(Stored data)
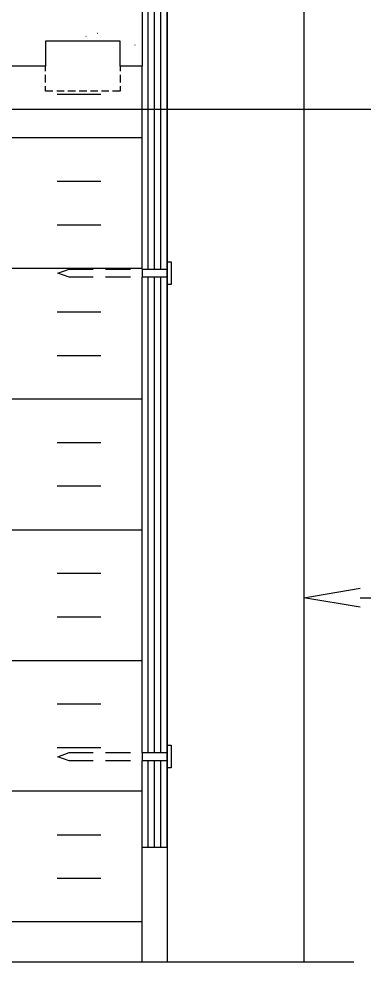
# Model space of a CAD drawing. Header units: millimetres. Extents: x 14 to 201, y 16 to 268.
# Drawn here: x 116.6 to 138.6, y 103.7 to 163.8 of the extents above; entities that cross this region are included whole.
import ezdxf

# ---------------------------------------------------------------- set-up
doc = ezdxf.new("R2010")
doc.units = ezdxf.units.MM
doc.layers.get('0').update_dxf_attribs({"linetype": 'CONTINUOUS'})

msp = doc.modelspace()

# ---------------------------------------------------------------- linework, layer by layer
at = {"color": 0}
for p, q in [((134.725, 208.428), (134.725, 103.653)), ((124.418, 168.614), (124.418, 160.803)), ((126.005, 168.614), (126.005, 103.653)), ((126.005, 147.85), (126.005, 168.614)), ((123.02, 162.391), (118.258, 162.391)), ((118.258, 162.391), (118.258, 160.803)), ((123.02, 160.803), (123.02, 162.391)), ((118.258, 160.803), (116.078, 160.803)), ((118.258, 160.486), (118.258, 160.803)), ((124.418, 160.803), (123.02, 160.803)), ((123.02, 160.803), (123.02, 160.486)), ((124.418, 147.85), (124.418, 160.803)), ((118.258, 159.766), (118.258, 160.254)), ((123.02, 160.254), (123.02, 159.766)), ((118.258, 159.216), (118.258, 159.533)), ((123.02, 159.533), (123.02, 159.216)), ((118.723, 159.216), (118.258, 159.216)), ((119.443, 159.216), (118.979, 159.216)), ((120.164, 159.216), (119.676, 159.216)), ((120.883, 159.216), (120.396, 159.216)), ((121.582, 159.216), (121.116, 159.216)), ((122.301, 159.216), (121.835, 159.216)), ((123.02, 159.216), (122.534, 159.216)), ((105.982, 158.051), (143.214, 158.051)), ((126.005, 146.875), (126.005, 148.316)), ((126.005, 148.316), (126.258, 148.316)), ((126.258, 148.316), (126.258, 146.875)), ((119.042, 147.595), (119.761, 147.85)), ((119.761, 147.341), (119.042, 147.595)), ((119.761, 147.85), (121.285, 147.85)), ((122.089, 147.85), (123.676, 147.85)), ((124.46, 147.85), (126.005, 147.85)), ((121.285, 147.341), (119.761, 147.341)), ((123.676, 147.341), (122.089, 147.341)), ((124.418, 117.03), (124.418, 147.341)), ((126.005, 147.341), (124.46, 147.341)), ((126.005, 117.03), (126.005, 147.341)), ((126.258, 146.875), (126.005, 146.875)), ((126.005, 146.875), (126.005, 146.875)), ((134.725, 126.894), (138.303, 127.508)), ((138.303, 126.301), (134.725, 126.894)), ((138.303, 126.894), (145.225, 126.894)), ((126.005, 116.036), (126.005, 117.496)), ((126.005, 117.496), (126.258, 117.496)), ((126.258, 117.496), (126.258, 116.036)), ((119.042, 116.756), (119.761, 117.03)), ((119.761, 116.501), (119.042, 116.756)), ((119.761, 117.03), (121.285, 117.03)), ((122.089, 117.03), (123.676, 117.03)), ((124.46, 117.03), (126.005, 117.03)), ((121.285, 116.501), (119.761, 116.501)), ((123.676, 116.501), (122.089, 116.501)), ((124.418, 103.653), (124.418, 116.501)), ((126.005, 116.501), (124.46, 116.501)), ((126.005, 110.956), (126.005, 116.501)), ((126.258, 116.036), (126.005, 116.036)), ((126.005, 116.036), (126.005, 116.036)), ((126.005, 110.956), (124.418, 110.956)), ((137.9, 103.653), (109.728, 103.653))]:
    msp.add_line(p, q, dxfattribs=at)
at = {"color": 252}
for p, q in [((124.799, 147.85), (124.799, 168.614)), ((125.2, 147.85), (125.2, 168.614)), ((125.603, 147.85), (125.603, 168.614)), ((120.819, 162.708), (120.84, 162.708)), ((121.539, 162.899), (121.561, 162.899)), ((123.952, 162.158), (123.974, 162.158)), ((118.999, 159.026), (121.792, 159.026)), ((116.078, 156.253), (124.418, 156.253)), ((118.999, 153.458), (121.792, 153.458)), ((118.999, 150.686), (121.792, 150.686)), ((116.078, 147.913), (124.418, 147.913)), ((124.418, 147.85), (124.418, 147.341)), ((126.005, 147.85), (126.005, 147.341)), ((124.799, 117.03), (124.799, 147.341)), ((125.2, 117.03), (125.2, 147.341)), ((125.603, 117.03), (125.603, 147.341)), ((118.999, 145.141), (121.792, 145.141)), ((118.999, 142.346), (121.792, 142.346)), ((116.078, 139.573), (124.418, 139.573)), ((118.999, 136.801), (121.792, 136.801)), ((118.999, 134.028), (121.792, 134.028)), ((116.078, 131.233), (124.418, 131.233)), ((118.999, 128.461), (121.792, 128.461)), ((118.999, 125.688), (121.792, 125.688)), ((116.078, 122.893), (124.418, 122.893)), ((118.999, 120.121), (121.792, 120.121)), ((118.999, 117.348), (121.792, 117.348)), ((124.418, 117.03), (124.418, 116.501)), ((126.005, 117.03), (126.005, 116.501)), ((124.799, 110.956), (124.799, 116.501)), ((125.2, 110.956), (125.2, 116.501)), ((125.603, 110.956), (125.603, 116.501)), ((116.078, 114.576), (124.418, 114.576)), ((118.999, 111.781), (121.792, 111.781)), ((118.999, 109.008), (121.792, 109.008)), ((116.078, 106.236), (124.418, 106.236))]:
    msp.add_line(p, q, dxfattribs=at)

doc.saveas('drawing.dxf')

■ **Prompt**
Look through the records for the word "drawing". Every line that has it should be copied.

■ **Solved problem**
# Model space of a CAD drawing. Header units: millimetres. Extents: x 14 to 201, y 16 to 268.
doc.saveas('drawing.dxf')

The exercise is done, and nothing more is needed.